A transition from mixed-fuel to pure-helium thermonuclear bursts in Terzan 5 X–3/Swift J174805.3–244637

¹ Key Laboratory of Stars and Interstellar Medium, Xiangtan University, Xiangtan, 411105 Hunan, PR China
² Key Laboratory of Particle Astrophysics, Institute of High Energy Physics, Chinese Academy of Sciences, 19B Yuquan Road, Beijing 100049, China

^⋆ Corresponding authors: lizhaosheng@xtu.edu.cn, panyy@xtu.edu.cn

Received: 29 July 2025
Accepted: 17 October 2025

Abstract

We present a detailed analysis of seven thermonuclear X-ray bursts from Terzan 5 X–3/Swift J174805.3–244637 detected by NICER during the source’s 2023 outburst. Our analysis reveals a clear evolution of burst properties, identifying four non-photospheric radius expansion (non-PRE) bursts, one PRE candidate occurring in a mixed hydrogen–helium environment, and two powerful PRE bursts from pure helium ignition. The time-resolved burst spectra are described well by a model that includes a variable persistent emission component, quantified by a factor f_a, due to the Poynting-Robertson drag. The strength of this interaction scales with burst luminosity: it is low in the faintest bursts (f_a ≈ 1), becomes modest for the more luminous non-PRE burst and the PRE candidate (f_a ≈ 1.5 − 2), and is very strong during the pure-helium PRE bursts (f_a ≈ 6 − 8). This observed transition from mixed-fuel to pure-helium burning as the local mass accretion rate drops below ∼10% of the Eddington limit, ṁ_Edd, aligns with theoretical predictions. We verified this scenario with two independent methods.

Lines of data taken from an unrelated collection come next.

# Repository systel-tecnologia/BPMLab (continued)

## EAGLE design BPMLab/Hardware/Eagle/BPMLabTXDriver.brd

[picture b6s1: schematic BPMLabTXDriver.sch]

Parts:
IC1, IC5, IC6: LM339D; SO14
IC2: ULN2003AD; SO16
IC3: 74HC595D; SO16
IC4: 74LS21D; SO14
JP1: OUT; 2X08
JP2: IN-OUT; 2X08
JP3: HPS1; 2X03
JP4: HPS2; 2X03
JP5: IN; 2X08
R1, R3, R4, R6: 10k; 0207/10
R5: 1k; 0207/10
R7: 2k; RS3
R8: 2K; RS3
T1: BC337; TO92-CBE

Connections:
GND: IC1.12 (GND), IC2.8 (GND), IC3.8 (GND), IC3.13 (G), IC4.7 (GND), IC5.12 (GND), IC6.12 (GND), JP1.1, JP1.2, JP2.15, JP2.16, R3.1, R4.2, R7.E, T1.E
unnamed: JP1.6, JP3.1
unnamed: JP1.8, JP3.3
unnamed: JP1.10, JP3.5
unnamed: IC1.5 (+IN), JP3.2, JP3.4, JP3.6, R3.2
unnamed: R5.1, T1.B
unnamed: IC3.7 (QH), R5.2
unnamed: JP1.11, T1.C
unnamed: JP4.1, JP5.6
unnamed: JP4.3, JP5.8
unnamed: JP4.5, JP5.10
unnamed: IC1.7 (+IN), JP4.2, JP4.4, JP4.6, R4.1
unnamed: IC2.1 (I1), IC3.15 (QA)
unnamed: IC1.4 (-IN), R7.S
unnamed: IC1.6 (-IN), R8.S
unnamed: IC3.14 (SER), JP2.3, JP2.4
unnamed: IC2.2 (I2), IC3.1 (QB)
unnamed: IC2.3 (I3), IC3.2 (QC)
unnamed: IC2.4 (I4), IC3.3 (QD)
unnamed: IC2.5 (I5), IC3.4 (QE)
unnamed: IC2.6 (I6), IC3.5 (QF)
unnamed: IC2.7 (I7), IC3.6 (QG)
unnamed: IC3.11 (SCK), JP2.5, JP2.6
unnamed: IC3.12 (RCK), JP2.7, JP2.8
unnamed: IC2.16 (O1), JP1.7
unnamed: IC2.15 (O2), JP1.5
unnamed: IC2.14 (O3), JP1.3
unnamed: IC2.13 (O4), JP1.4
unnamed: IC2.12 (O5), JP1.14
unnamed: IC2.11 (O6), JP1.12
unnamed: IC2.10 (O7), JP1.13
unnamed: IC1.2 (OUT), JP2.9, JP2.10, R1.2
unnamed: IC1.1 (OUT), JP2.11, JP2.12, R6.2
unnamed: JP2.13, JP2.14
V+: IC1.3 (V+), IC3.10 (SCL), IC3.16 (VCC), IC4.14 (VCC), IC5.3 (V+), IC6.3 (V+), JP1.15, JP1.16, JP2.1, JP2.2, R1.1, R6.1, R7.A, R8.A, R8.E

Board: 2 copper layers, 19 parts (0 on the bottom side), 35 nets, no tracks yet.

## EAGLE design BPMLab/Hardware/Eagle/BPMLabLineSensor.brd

First, at the known distance to Terzan 5, the touchdown luminosities of both the pure helium PRE bursts and the mixed-fuel PRE candidate are consistent with reaching their respective, composition-dependent Eddington limits on the same plausible, massive neutron star of ∼2 M_⊙. Second, the observed recurrence times of the non-PRE bursts were consistent with predictions for mixed-fuel burning.